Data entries
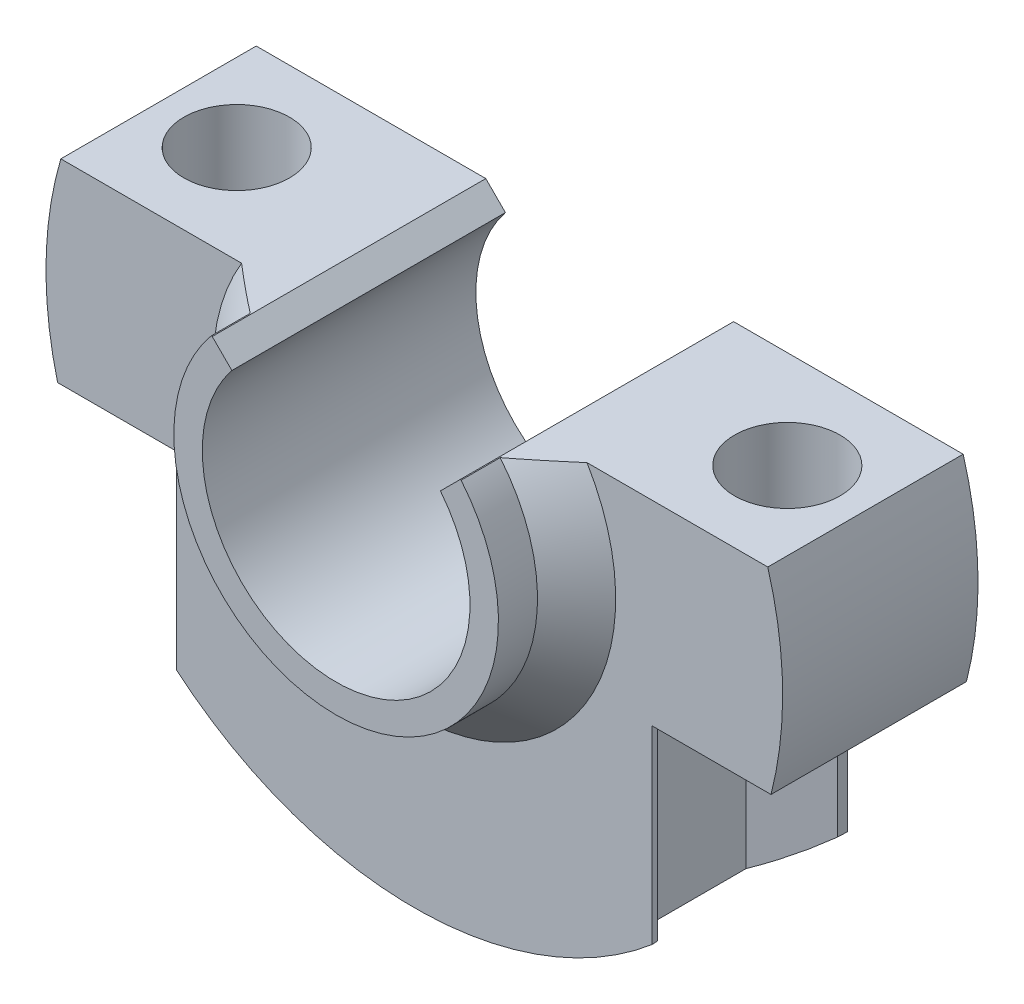
ISO-10303-21;
HEADER;
FILE_DESCRIPTION(('STEP AP214'),'2;1');
FILE_NAME('part.step','',(''),(''),'','','');
FILE_SCHEMA(('AUTOMOTIVE_DESIGN { 1 0 10303 214 1 1 1 1 }'));
ENDSEC;
DATA;
#1=APPLICATION_CONTEXT('core data for automotive mechanical design processes');
#2=APPLICATION_PROTOCOL_DEFINITION('international standard','automotive_design',2000,#1);
#3=PRODUCT_CONTEXT('',#1,'mechanical');
#4=PRODUCT('Part','Part','',(#3));
#5=PRODUCT_RELATED_PRODUCT_CATEGORY('part','',(#4));
#6=PRODUCT_DEFINITION_FORMATION('','',#4);
#7=PRODUCT_DEFINITION_CONTEXT('part definition',#1,'design');
#8=PRODUCT_DEFINITION('design','',#6,#7);
#9=PRODUCT_DEFINITION_SHAPE('','',#8);
#10=(LENGTH_UNIT() NAMED_UNIT(*) SI_UNIT(.MILLI.,.METRE.));
#11=(NAMED_UNIT(*) PLANE_ANGLE_UNIT() SI_UNIT($,.RADIAN.));
#12=(NAMED_UNIT(*) SI_UNIT($,.STERADIAN.) SOLID_ANGLE_UNIT());
#13=UNCERTAINTY_MEASURE_WITH_UNIT(LENGTH_MEASURE(1.E-05),#10,'distance_accuracy_value','');
#14=(GEOMETRIC_REPRESENTATION_CONTEXT(3) GLOBAL_UNCERTAINTY_ASSIGNED_CONTEXT((#13)) GLOBAL_UNIT_ASSIGNED_CONTEXT((#10,
#11,#12)) REPRESENTATION_CONTEXT('',''));
#15=CARTESIAN_POINT('',(0.,0.,0.));
#16=DIRECTION('',(0.,0.,1.));
#17=DIRECTION('',(1.,0.,0.));
#18=AXIS2_PLACEMENT_3D('',#15,#16,#17);
#19=CARTESIAN_POINT('',(0.,0.,2.5));
#20=DIRECTION('',(0.,0.,-1.));
#21=DIRECTION('',(-1.,0.,0.));
#22=AXIS2_PLACEMENT_3D('',#19,#20,#21);
#23=CYLINDRICAL_SURFACE('',#22,9.425);
#24=DIRECTION('',(0.,0.,-1.));
#25=VECTOR('',#24,1.);
#26=CARTESIAN_POINT('',(9.12723336786997,-2.35036934298441,2.5));
#27=LINE('',#26,#25);
#28=CARTESIAN_POINT('',(9.12723336786997,-2.35036934298441,-2.5));
#29=VERTEX_POINT('',#28);
#30=CARTESIAN_POINT('',(9.12723336786997,-2.35036934298441,2.5));
#31=VERTEX_POINT('',#30);
#32=EDGE_CURVE('E263',#29,#31,#27,.F.);
#33=ORIENTED_EDGE('',*,*,#32,.F.);
#34=CARTESIAN_POINT('',(0.,0.,-2.5));
#35=DIRECTION('',(0.,0.,1.));
#36=DIRECTION('',(1.,0.,0.));
#37=AXIS2_PLACEMENT_3D('',#34,#35,#36);
#38=CIRCLE('',#37,9.425);
#39=CARTESIAN_POINT('',(9.04489261303876,2.64963065701559,-2.5));
#40=VERTEX_POINT('',#39);
#41=EDGE_CURVE('E309',#29,#40,#38,.T.);
#42=ORIENTED_EDGE('',*,*,#41,.T.);
#43=DIRECTION('',(0.,0.,-1.));
#44=VECTOR('',#43,1.);
#45=CARTESIAN_POINT('',(9.04489261303876,2.64963065701559,2.5));
#46=LINE('',#45,#44);
#47=CARTESIAN_POINT('',(9.04489261303876,2.64963065701559,2.5));
#48=VERTEX_POINT('',#47);
#49=EDGE_CURVE('E307',#48,#40,#46,.T.);
#50=ORIENTED_EDGE('',*,*,#49,.F.);
#51=CARTESIAN_POINT('',(0.,0.,2.5));
#52=DIRECTION('',(0.,0.,1.));
#53=DIRECTION('',(1.,0.,0.));
#54=AXIS2_PLACEMENT_3D('',#51,#52,#53);
#55=CIRCLE('',#54,9.425);
#56=EDGE_CURVE('E299',#31,#48,#55,.T.);
#57=ORIENTED_EDGE('',*,*,#56,.F.);
#58=EDGE_LOOP('',(#33,#42,#50,#57));
#59=FACE_BOUND('',#58,.T.);
#60=ADVANCED_FACE('F47',(#59),#23,.T.);
#61=DIRECTION('',(0.,0.,-1.));
#62=VECTOR('',#61,1.);
#63=CARTESIAN_POINT('',(-9.12723336786997,-2.35036934298441,2.5));
#64=LINE('',#63,#62);
#65=CARTESIAN_POINT('',(-9.12723336786997,-2.35036934298441,2.5));
#66=VERTEX_POINT('',#65);
#67=CARTESIAN_POINT('',(-9.12723336786997,-2.35036934298441,-2.5));
#68=VERTEX_POINT('',#67);
#69=EDGE_CURVE('E256',#66,#68,#64,.T.);
#70=ORIENTED_EDGE('',*,*,#69,.F.);
#71=CARTESIAN_POINT('',(-9.04489261303876,2.64963065701559,2.5));
#72=VERTEX_POINT('',#71);
#73=EDGE_CURVE('E301',#72,#66,#55,.T.);
#74=ORIENTED_EDGE('',*,*,#73,.F.);
#75=DIRECTION('',(0.,0.,-1.));
#76=VECTOR('',#75,1.);
#77=CARTESIAN_POINT('',(-9.04489261303876,2.64963065701559,2.5));
#78=LINE('',#77,#76);
#79=CARTESIAN_POINT('',(-9.04489261303876,2.64963065701559,-2.5));
#80=VERTEX_POINT('',#79);
#81=EDGE_CURVE('E321',#72,#80,#78,.T.);
#82=ORIENTED_EDGE('',*,*,#81,.T.);
#83=EDGE_CURVE('E310',#80,#68,#38,.T.);
#84=ORIENTED_EDGE('',*,*,#83,.T.);
#85=EDGE_LOOP('',(#70,#74,#82,#84));
#86=FACE_BOUND('',#85,.T.);
#87=ADVANCED_FACE('F407',(#86),#23,.T.);
#88=CARTESIAN_POINT('',(7.04489261303876,2.64963065701559,0.));
#89=DIRECTION('',(0.,1.,0.));
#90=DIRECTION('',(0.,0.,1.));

• Exercise:
A complete and exact copy of the records is required. Exclude the pictures.

• Output of the exercise:
ISO-10303-21;
HEADER;
FILE_DESCRIPTION(('STEP AP214'),'2;1');
FILE_NAME('part.step','',(''),(''),'','','');
FILE_SCHEMA(('AUTOMOTIVE_DESIGN { 1 0 10303 214 1 1 1 1 }'));
ENDSEC;
DATA;
#1=APPLICATION_CONTEXT('core data for automotive mechanical design processes');
#2=APPLICATION_PROTOCOL_DEFINITION('international standard','automotive_design',2000,#1);
#3=PRODUCT_CONTEXT('',#1,'mechanical');
#4=PRODUCT('Part','Part','',(#3));
#5=PRODUCT_RELATED_PRODUCT_CATEGORY('part','',(#4));
#6=PRODUCT_DEFINITION_FORMATION('','',#4);
#7=PRODUCT_DEFINITION_CONTEXT('part definition',#1,'design');
#8=PRODUCT_DEFINITION('design','',#6,#7);
#9=PRODUCT_DEFINITION_SHAPE('','',#8);
#10=(LENGTH_UNIT() NAMED_UNIT(*) SI_UNIT(.MILLI.,.METRE.));
#11=(NAMED_UNIT(*) PLANE_ANGLE_UNIT() SI_UNIT($,.RADIAN.));
#12=(NAMED_UNIT(*) SI_UNIT($,.STERADIAN.) SOLID_ANGLE_UNIT());
#13=UNCERTAINTY_MEASURE_WITH_UNIT(LENGTH_MEASURE(1.E-05),#10,'distance_accuracy_value','');
#14=(GEOMETRIC_REPRESENTATION_CONTEXT(3) GLOBAL_UNCERTAINTY_ASSIGNED_CONTEXT((#13)) GLOBAL_UNIT_ASSIGNED_CONTEXT((#10,
#11,#12)) REPRESENTATION_CONTEXT('',''));
#15=CARTESIAN_POINT('',(0.,0.,0.));
#16=DIRECTION('',(0.,0.,1.));
#17=DIRECTION('',(1.,0.,0.));
#18=AXIS2_PLACEMENT_3D('',#15,#16,#17);
#19=CARTESIAN_POINT('',(0.,0.,2.5));
#20=DIRECTION('',(0.,0.,-1.));
#21=DIRECTION('',(-1.,0.,0.));
#22=AXIS2_PLACEMENT_3D('',#19,#20,#21);
#23=CYLINDRICAL_SURFACE('',#22,9.425);
#24=DIRECTION('',(0.,0.,-1.));
#25=VECTOR('',#24,1.);
#26=CARTESIAN_POINT('',(9.12723336786997,-2.35036934298441,2.5));
#27=LINE('',#26,#25);
#28=CARTESIAN_POINT('',(9.12723336786997,-2.35036934298441,-2.5));
#29=VERTEX_POINT('',#28);
#30=CARTESIAN_POINT('',(9.12723336786997,-2.35036934298441,2.5));
#31=VERTEX_POINT('',#30);
#32=EDGE_CURVE('E263',#29,#31,#27,.F.);
#33=ORIENTED_EDGE('',*,*,#32,.F.);
#34=CARTESIAN_POINT('',(0.,0.,-2.5));
#35=DIRECTION('',(0.,0.,1.));
#36=DIRECTION('',(1.,0.,0.));
#37=AXIS2_PLACEMENT_3D('',#34,#35,#36);
#38=CIRCLE('',#37,9.425);
#39=CARTESIAN_POINT('',(9.04489261303876,2.64963065701559,-2.5));
#40=VERTEX_POINT('',#39);
#41=EDGE_CURVE('E309',#29,#40,#38,.T.);
#42=ORIENTED_EDGE('',*,*,#41,.T.);
#43=DIRECTION('',(0.,0.,-1.));
#44=VECTOR('',#43,1.);
#45=CARTESIAN_POINT('',(9.04489261303876,2.64963065701559,2.5));
#46=LINE('',#45,#44);
#47=CARTESIAN_POINT('',(9.04489261303876,2.64963065701559,2.5));
#48=VERTEX_POINT('',#47);
#49=EDGE_CURVE('E307',#48,#40,#46,.T.);
#50=ORIENTED_EDGE('',*,*,#49,.F.);
#51=CARTESIAN_POINT('',(0.,0.,2.5));
#52=DIRECTION('',(0.,0.,1.));
#53=DIRECTION('',(1.,0.,0.));
#54=AXIS2_PLACEMENT_3D('',#51,#52,#53);
#55=CIRCLE('',#54,9.425);
#56=EDGE_CURVE('E299',#31,#48,#55,.T.);
#57=ORIENTED_EDGE('',*,*,#56,.F.);
#58=EDGE_LOOP('',(#33,#42,#50,#57));
#59=FACE_BOUND('',#58,.T.);
#60=ADVANCED_FACE('F47',(#59),#23,.T.);
#61=DIRECTION('',(0.,0.,-1.));
#62=VECTOR('',#61,1.);
#63=CARTESIAN_POINT('',(-9.12723336786997,-2.35036934298441,2.5));
#64=LINE('',#63,#62);
#65=CARTESIAN_POINT('',(-9.12723336786997,-2.35036934298441,2.5));
#66=VERTEX_POINT('',#65);
#67=CARTESIAN_POINT('',(-9.12723336786997,-2.35036934298441,-2.5));
#68=VERTEX_POINT('',#67);
#69=EDGE_CURVE('E256',#66,#68,#64,.T.);
#70=ORIENTED_EDGE('',*,*,#69,.F.);
#71=CARTESIAN_POINT('',(-9.04489261303876,2.64963065701559,2.5));
#72=VERTEX_POINT('',#71);
#73=EDGE_CURVE('E301',#72,#66,#55,.T.);
#74=ORIENTED_EDGE('',*,*,#73,.F.);
#75=DIRECTION('',(0.,0.,-1.));
#76=VECTOR('',#75,1.);
#77=CARTESIAN_POINT('',(-9.04489261303876,2.64963065701559,2.5));
#78=LINE('',#77,#76);
#79=CARTESIAN_POINT('',(-9.04489261303876,2.64963065701559,-2.5));
#80=VERTEX_POINT('',#79);
#81=EDGE_CURVE('E321',#72,#80,#78,.T.);
#82=ORIENTED_EDGE('',*,*,#81,.T.);
#83=EDGE_CURVE('E310',#80,#68,#38,.T.);
#84=ORIENTED_EDGE('',*,*,#83,.T.);
#85=EDGE_LOOP('',(#70,#74,#82,#84));
#86=FACE_BOUND('',#85,.T.);
#87=ADVANCED_FACE('F407',(#86),#23,.T.);
#88=CARTESIAN_POINT('',(7.04489261303876,2.64963065701559,0.));
#89=DIRECTION('',(0.,1.,0.));
#90=DIRECTION('',(0.,0.,1.));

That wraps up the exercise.